**Work request**:
Give back exactly the first lines of the entries below, through the line with "doc.styles.add('r80', font='romans.shx')".

** Opening Dataset block **

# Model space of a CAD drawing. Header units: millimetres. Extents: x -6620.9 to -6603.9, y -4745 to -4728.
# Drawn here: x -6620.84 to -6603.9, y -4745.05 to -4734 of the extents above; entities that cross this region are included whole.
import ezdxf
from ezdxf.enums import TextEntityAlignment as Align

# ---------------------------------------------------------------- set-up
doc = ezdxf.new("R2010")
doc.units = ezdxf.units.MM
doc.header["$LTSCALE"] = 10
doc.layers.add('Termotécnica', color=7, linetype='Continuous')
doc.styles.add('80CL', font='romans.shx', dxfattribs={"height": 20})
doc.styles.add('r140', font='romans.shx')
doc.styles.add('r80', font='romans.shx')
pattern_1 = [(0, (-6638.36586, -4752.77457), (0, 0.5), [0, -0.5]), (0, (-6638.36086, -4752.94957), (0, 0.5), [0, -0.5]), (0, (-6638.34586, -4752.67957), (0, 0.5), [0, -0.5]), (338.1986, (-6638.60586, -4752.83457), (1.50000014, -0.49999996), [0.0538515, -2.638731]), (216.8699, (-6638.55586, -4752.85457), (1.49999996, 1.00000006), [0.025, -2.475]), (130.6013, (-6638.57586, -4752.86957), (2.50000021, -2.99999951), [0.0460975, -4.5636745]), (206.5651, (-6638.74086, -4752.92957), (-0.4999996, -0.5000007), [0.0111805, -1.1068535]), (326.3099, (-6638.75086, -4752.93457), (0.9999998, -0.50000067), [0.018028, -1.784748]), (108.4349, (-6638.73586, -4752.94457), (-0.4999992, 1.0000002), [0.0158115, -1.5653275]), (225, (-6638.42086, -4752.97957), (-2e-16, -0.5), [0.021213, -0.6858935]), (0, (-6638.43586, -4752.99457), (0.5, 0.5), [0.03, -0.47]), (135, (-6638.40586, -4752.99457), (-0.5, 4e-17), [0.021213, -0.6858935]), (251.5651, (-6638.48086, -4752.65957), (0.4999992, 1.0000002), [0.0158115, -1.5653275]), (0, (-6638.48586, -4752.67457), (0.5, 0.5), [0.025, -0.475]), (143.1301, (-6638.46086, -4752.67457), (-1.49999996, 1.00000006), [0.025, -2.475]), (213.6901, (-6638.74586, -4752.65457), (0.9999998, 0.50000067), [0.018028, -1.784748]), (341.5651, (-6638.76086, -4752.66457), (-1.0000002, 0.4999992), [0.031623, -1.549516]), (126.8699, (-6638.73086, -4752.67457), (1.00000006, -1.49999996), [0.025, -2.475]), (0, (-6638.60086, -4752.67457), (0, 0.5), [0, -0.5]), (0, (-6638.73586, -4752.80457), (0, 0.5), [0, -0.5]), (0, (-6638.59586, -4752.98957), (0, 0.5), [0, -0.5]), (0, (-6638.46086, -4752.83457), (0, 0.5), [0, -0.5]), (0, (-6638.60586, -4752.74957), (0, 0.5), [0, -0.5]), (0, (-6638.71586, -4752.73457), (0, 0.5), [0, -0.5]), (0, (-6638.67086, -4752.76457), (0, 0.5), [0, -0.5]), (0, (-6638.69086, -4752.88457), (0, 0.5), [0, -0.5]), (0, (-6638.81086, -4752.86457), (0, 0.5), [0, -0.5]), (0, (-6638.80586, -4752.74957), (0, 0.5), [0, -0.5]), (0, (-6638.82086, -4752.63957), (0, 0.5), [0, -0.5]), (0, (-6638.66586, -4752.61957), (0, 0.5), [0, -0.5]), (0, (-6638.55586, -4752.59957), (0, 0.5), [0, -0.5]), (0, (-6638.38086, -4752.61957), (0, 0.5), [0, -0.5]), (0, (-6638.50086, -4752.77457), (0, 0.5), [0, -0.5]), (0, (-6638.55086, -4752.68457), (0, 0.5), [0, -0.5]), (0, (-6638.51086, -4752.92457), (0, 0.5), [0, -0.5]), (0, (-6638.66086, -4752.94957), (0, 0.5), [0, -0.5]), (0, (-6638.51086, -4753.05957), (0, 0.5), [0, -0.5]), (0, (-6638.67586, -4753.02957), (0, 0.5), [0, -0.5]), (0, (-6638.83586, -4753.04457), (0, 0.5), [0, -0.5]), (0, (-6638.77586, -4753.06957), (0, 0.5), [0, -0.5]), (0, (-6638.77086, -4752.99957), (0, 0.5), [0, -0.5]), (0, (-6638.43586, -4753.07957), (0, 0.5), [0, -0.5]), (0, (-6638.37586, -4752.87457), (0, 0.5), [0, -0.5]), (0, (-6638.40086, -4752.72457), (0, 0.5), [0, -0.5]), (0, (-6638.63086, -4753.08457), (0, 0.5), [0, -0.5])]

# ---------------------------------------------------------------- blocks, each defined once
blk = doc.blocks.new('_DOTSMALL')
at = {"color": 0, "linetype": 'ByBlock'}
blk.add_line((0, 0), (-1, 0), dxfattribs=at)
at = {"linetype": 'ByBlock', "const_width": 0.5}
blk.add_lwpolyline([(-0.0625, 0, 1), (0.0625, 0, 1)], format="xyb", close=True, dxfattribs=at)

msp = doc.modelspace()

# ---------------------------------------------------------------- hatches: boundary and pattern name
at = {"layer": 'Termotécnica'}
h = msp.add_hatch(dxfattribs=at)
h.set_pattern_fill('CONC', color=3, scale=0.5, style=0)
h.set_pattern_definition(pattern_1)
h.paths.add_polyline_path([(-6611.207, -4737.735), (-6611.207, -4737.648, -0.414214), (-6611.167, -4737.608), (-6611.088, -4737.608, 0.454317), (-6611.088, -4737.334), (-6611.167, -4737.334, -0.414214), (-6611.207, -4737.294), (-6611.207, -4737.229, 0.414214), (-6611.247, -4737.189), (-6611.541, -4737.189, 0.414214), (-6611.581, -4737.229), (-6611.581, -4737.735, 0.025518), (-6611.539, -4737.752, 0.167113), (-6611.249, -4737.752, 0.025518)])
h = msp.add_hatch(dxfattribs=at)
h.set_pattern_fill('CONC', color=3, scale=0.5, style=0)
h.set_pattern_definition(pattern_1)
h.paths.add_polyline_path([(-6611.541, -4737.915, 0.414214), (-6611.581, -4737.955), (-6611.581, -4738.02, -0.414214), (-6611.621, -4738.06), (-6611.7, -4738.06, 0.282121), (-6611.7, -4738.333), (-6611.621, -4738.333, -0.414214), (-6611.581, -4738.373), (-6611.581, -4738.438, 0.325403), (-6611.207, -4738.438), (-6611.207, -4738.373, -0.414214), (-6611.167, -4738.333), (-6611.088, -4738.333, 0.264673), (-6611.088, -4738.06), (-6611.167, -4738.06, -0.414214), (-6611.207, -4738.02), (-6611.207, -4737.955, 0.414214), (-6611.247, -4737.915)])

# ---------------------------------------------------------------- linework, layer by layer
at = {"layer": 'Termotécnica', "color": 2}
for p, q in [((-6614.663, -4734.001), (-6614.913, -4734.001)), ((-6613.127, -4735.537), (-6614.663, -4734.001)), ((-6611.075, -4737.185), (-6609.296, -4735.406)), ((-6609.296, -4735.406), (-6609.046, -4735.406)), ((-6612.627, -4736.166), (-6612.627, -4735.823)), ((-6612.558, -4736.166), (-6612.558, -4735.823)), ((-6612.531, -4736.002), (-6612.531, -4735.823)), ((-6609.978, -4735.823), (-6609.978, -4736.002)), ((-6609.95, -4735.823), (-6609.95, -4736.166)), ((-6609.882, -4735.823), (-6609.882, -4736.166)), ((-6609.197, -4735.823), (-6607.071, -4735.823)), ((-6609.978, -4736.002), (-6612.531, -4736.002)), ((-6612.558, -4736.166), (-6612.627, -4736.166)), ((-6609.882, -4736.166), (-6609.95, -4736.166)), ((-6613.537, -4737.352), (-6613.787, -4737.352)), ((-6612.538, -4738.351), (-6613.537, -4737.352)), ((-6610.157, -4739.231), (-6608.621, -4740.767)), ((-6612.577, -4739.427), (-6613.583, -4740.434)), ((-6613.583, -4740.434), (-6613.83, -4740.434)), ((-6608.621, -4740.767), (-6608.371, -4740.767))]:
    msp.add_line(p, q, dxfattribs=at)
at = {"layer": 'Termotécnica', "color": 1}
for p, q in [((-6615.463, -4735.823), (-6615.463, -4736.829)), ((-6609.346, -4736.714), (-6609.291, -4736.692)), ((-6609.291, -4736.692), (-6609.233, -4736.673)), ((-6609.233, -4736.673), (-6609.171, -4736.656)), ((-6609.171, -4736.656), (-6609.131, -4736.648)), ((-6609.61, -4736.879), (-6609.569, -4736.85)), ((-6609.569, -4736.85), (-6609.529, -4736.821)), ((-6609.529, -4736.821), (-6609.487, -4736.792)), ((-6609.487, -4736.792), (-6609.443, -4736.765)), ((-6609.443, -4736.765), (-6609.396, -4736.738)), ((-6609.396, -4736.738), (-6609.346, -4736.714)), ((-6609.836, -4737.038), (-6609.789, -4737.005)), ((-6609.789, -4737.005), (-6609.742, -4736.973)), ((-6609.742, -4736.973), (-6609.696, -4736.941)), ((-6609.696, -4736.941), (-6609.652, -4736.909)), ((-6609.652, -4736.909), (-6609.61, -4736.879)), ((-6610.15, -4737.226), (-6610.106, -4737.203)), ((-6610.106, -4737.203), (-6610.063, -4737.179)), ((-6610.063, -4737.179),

** Closing Dataset block **

**Solution to this problem**:
# Model space of a CAD drawing. Header units: millimetres. Extents: x -6620.9 to -6603.9, y -4745 to -4728.
# Drawn here: x -6620.84 to -6603.9, y -4745.05 to -4734 of the extents above; entities that cross this region are included whole.
import ezdxf
from ezdxf.enums import TextEntityAlignment as Align

# ---------------------------------------------------------------- set-up
doc = ezdxf.new("R2010")
doc.units = ezdxf.units.MM
doc.header["$LTSCALE"] = 10
doc.layers.add('Termotécnica', color=7, linetype='Continuous')
doc.styles.add('80CL', font='romans.shx', dxfattribs={"height": 20})
doc.styles.add('r140', font='romans.shx')
doc.styles.add('r80', font='romans.shx')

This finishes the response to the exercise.